Now that we have both the data and the network we want to train it. We use the [CrossEntropyLoss](https://pytorch.org/docs/stable/generated/torch.nn.CrossEntropyLoss.html) (which is the usual loss function for multi-classification problems) and the Adam optimizer with learning rate `0.001`.

In [None]:
# Define the loss function (this is the quantity we want to minimise during training)
loss_function = nn.CrossEntropyLoss()

# Define the optimizer algorithm
optimizer = optim.Adam(net.parameters(), lr=0.001)

Then, we go through the running loop, passing through the whole training set multiple times (for the specified number of epochs). Every 100 steps we evaluate on testing to see whether we are overfitting (by printing both the loss on training and testing).

In [None]:
# Set the number of epochs (i.e. how many times we are saying the whole of the training data)
n_epochs = 10

# To record the loss every once in a while
losses = []

i = 0
# Loops over the number of epochs
for epoch in range(n_epochs):
    # Loop over the data in batches
    for data in trainset:
        # Upacks features and labels of the data
        X, y = data

        # Set gradients to zero
        net.zero_grad()

        # Passes the data through the network
        output = net(X.view(-1,28*28))

        # Loss calculation
        loss = loss_function(output, y)

        # Backpropagation and optimizer step
        loss.backward()
        optimizer.step()
        i+=1

        # Every 100 steps print the loss for each batch: it should go down if it is learning (and record it for plotting)
        if i%100==0:
            print(f'Loss at epoch {epoch} and step {i}: ', loss.item())
            losses.append(loss.item())


We can visualise the change in the loss through training by plotting them (this is called learning curve).

In [None]:
# Plot the learning curve (training steps against loss)
plt.plot(range(len(losses)), losses)
plt.xlabel('Epochs')
plt.ylabel('Loss')

After training the model, we can compute the accuracy on unseen data (the testing data).

In [None]:
# Count how many are correctly labelled and how many there are in total
correct = 0
total = 0

# Store the true and the correct labels
y_true = []
y_pred = []

# Store misclassified images
misclassified = []

with torch.no_grad():
    for data in testset:
        X, y = data
        # Get the network output
        output = net(X.view(-1,784))
        for idx, i, image in zip(range(len(output)), output, X):
            # Store true and predicted
            y_true.append(int(y[idx]))
            y_pred.append(int(torch.argmax(i)))

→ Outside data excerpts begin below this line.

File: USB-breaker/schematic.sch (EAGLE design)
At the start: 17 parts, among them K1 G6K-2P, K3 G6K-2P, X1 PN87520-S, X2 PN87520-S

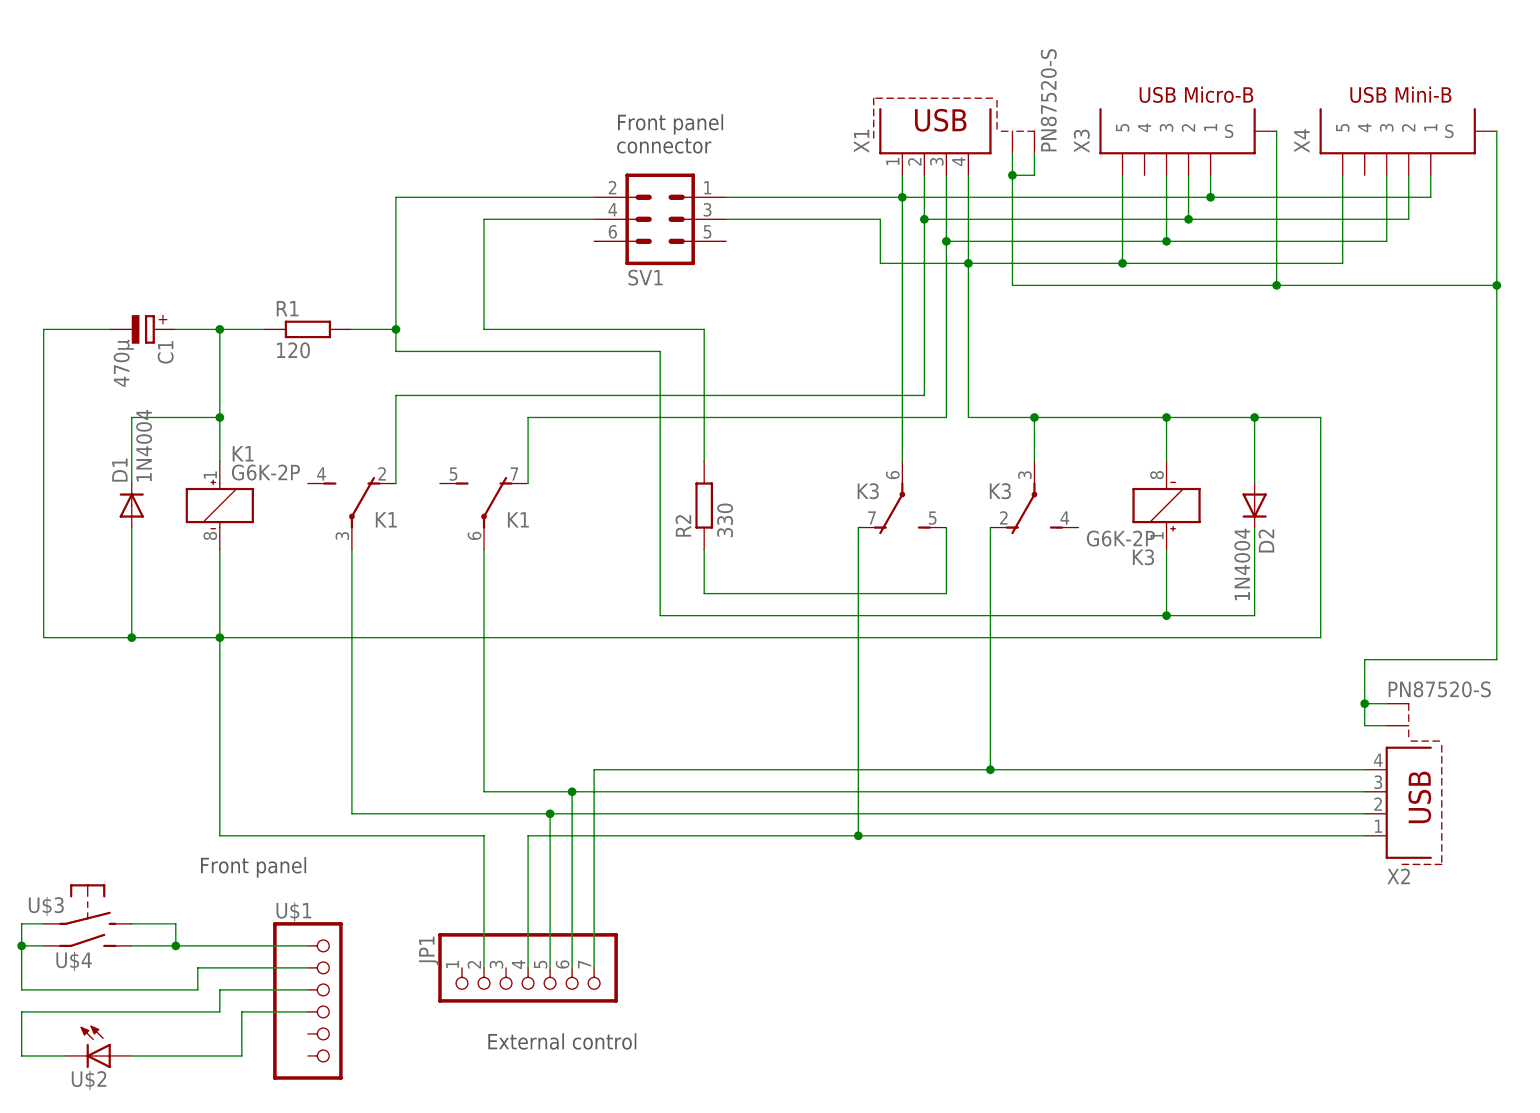
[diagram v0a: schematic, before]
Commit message: Switching of the relays is done upstream with transistors.
Also finished connecting nets to the external interface connector.
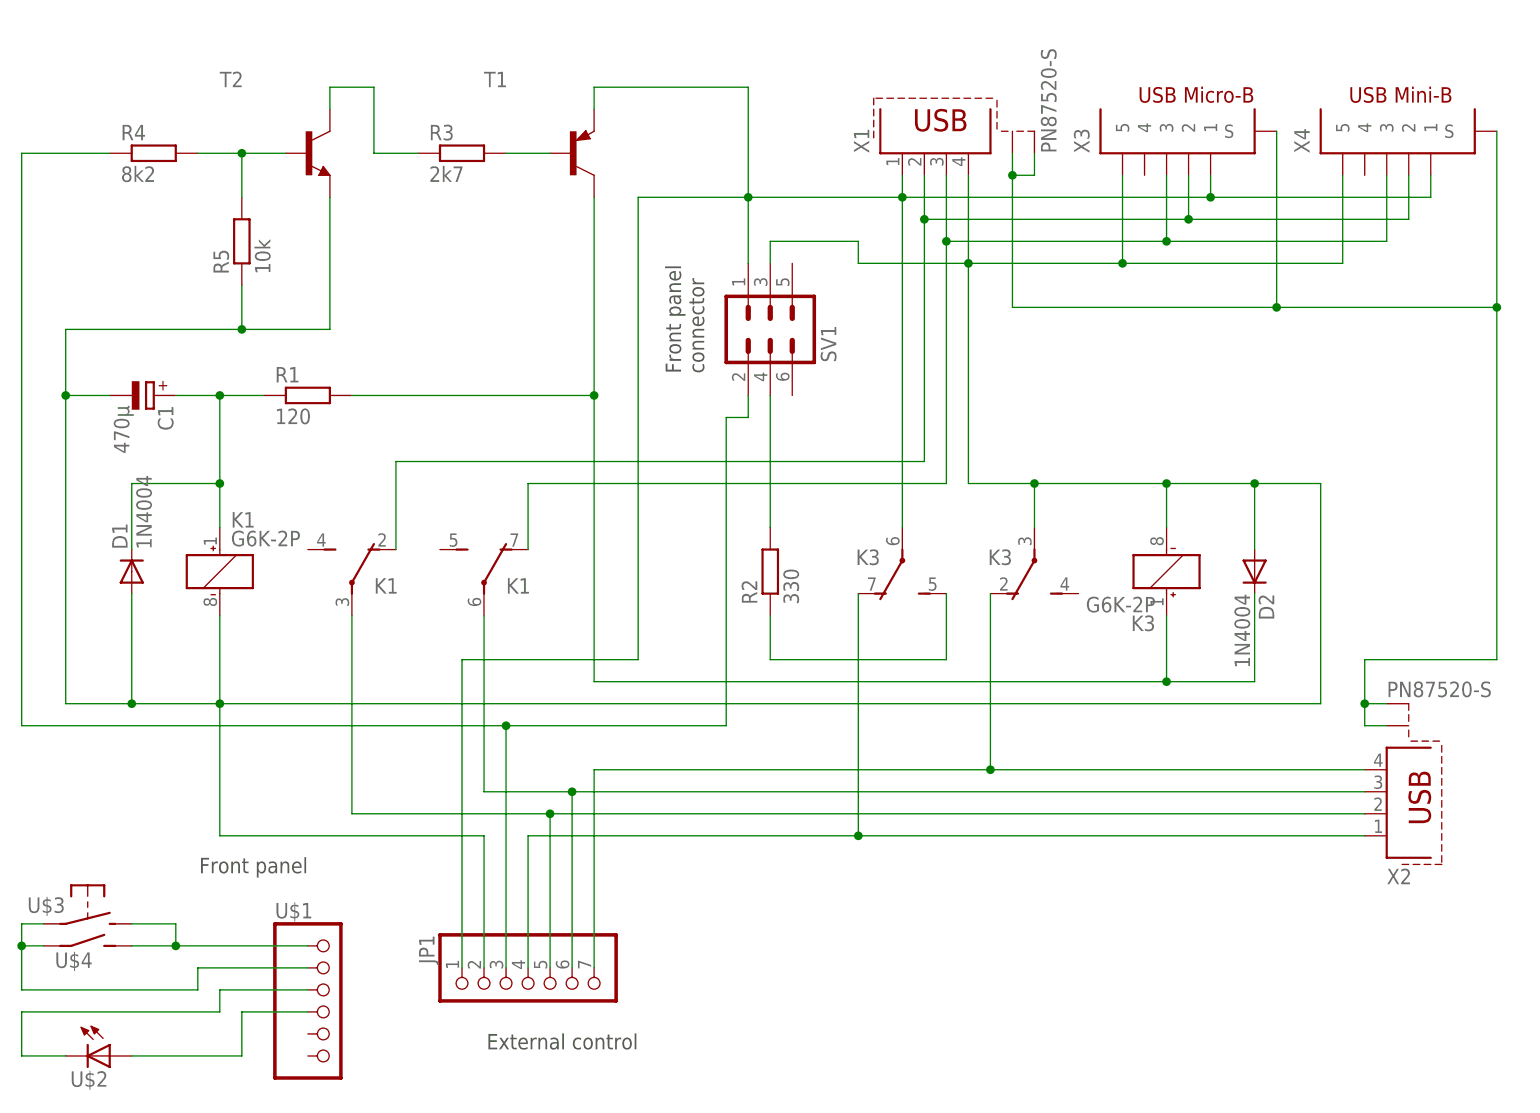
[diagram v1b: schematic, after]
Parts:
- added R3: 2k7, resistor:R-EU_0207/10
- added R4: 8k2, resistor:R-EU_0207/10
- added R5: 10k, resistor:R-EU_0207/10
- added T1: (no value), transistor:BC558B-PNP-TO92-EBC
- added T2: (no value), transistor:BC548-NPN-TO92-CBE
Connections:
- new net EXTERNAL_ENABLE: JP1.3, R4.1, SV1.2, U$1.2, U$3.P, U$4.1
- new net N$1: R3.2, T1.B
- new net N$2: R3.1, T2.C
- new net N$3: R4.2, R5.2, T2.B
- net ENABLE: now also T1.C; no longer SV1.2, U$1.2, U$3.P, U$4.1
- net GND_IN: now also R5.1, T2.E
- net VCC_IN: now also JP1.1, T1.E
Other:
- moved on the sheet: C1, D1, D2, K1, K3, R1, R2, SV1

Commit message: The schematic is now pretty much done:
- Library update
- Values for the two transistors
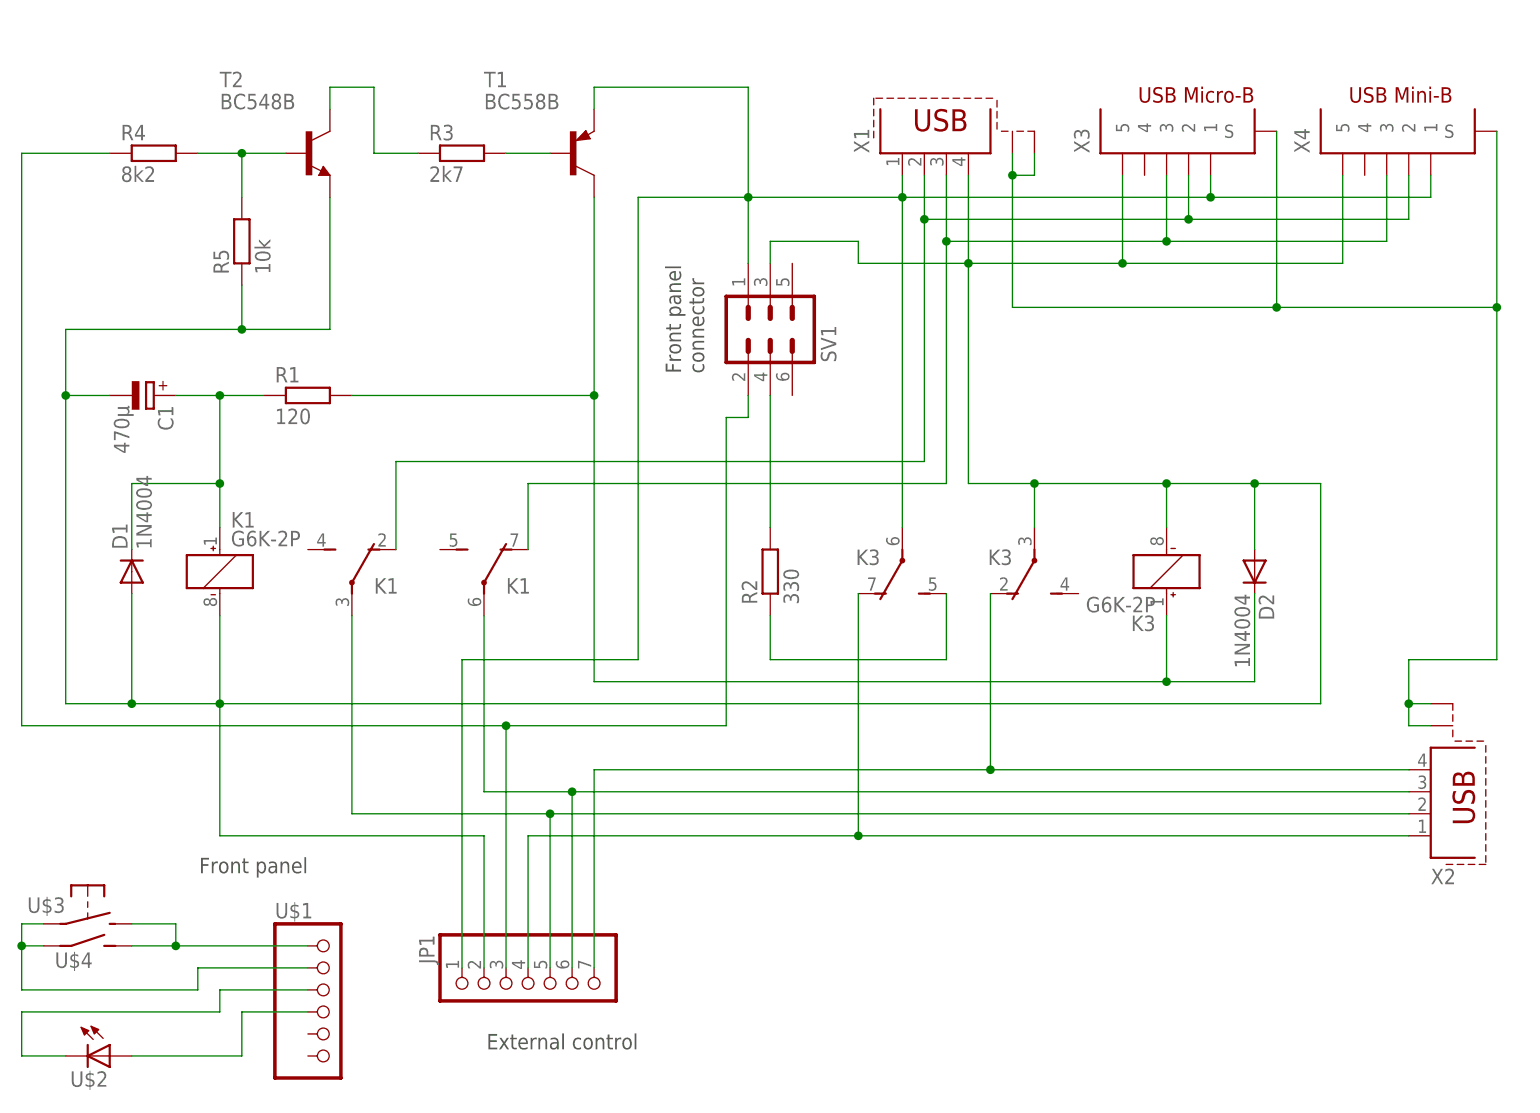
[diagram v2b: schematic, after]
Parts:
- T1: value (none) -> BC558B
- T2: value (none) -> BC548B
- X3: value (none) -> 10104110
- X4: value (none) -> UX60SC-MB-5ST
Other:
- moved on the sheet: X2
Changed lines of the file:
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@@
 <setting verticaltext="up"/>
 </settings>
-<grid distance="0.1" unitdist="inch" unit="inch" style="lines" multiple="1" display="yes" altdistance="0.01" altunitdist="inch" altunit="inch"/>
+<grid distance="0.1" unitdist="inch" unit="inch" style="lines" multiple="1" display="no" altdistance="0.01" altunitdist="inch" altunit="inch"/>
 <layers>
 <layer number="1" name="Top" color="4" fill="1" visible="no" active="no"/>
@@
 <part name="U$4" library="mibe" deviceset="EXTERNAL_SWITCH" device=""/>
 <part name="JP1" library="pinhead" deviceset="PINHD-1X7" device="/90"/>
-<part name="T1" library="transistor" deviceset="*-PNP-" device="TO92-EBC" technology="BC558B"/>
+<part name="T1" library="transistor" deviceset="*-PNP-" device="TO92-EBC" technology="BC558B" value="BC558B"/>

            # Was it labelled correctly?
            if torch.argmax(i) == y[idx]:
                correct += 1
            else:
                misclassified.append({'image': image, 
                                      'true_label': int(y[idx]), 
                                      'predicted_label': int(torch.argmax(i))})
        
            total += 1

print("Accuracy: ", round(correct/total, 3))

That is a nice accuracy, but wait! We know from Dr Will Pearse's talk that accuracy is not the best metric to measure how well our model is doing. Let build a confusion matrix instead, which compares how many samples are correctly classified for each class. 

In [None]:
# Define the confusion matrix
cm = confusion_matrix(y_true, y_pred)

# Display the confusion matrix
cm_display = ConfusionMatrixDisplay(confusion_matrix = cm, display_labels = list(range(10)))
cm_display.plot()
plt.show()

The confusion matrix shows that we are performing well across all classes with slight variations. Let us look at some examples of misclassified examples.

In [None]:
# Change this number to look at different examples
ex_number = 5

# Some boring plotting code
_, ax = plt.subplots()
ax.imshow(misclassified[ex_number]['image'].reshape(28,28), cmap=plt.cm.gray_r)
ax.set_axis_off()
print('True label:', misclassified[ex_number]['true_label'])
print('Predicted label:', misclassified[ex_number]['predicted_label'])


### Things to try
- As we did in the Neural Network Playground, play around with hyperparameters (network architectures, learning rate, batch size, activation function) and see how this changes the training and the learning curve.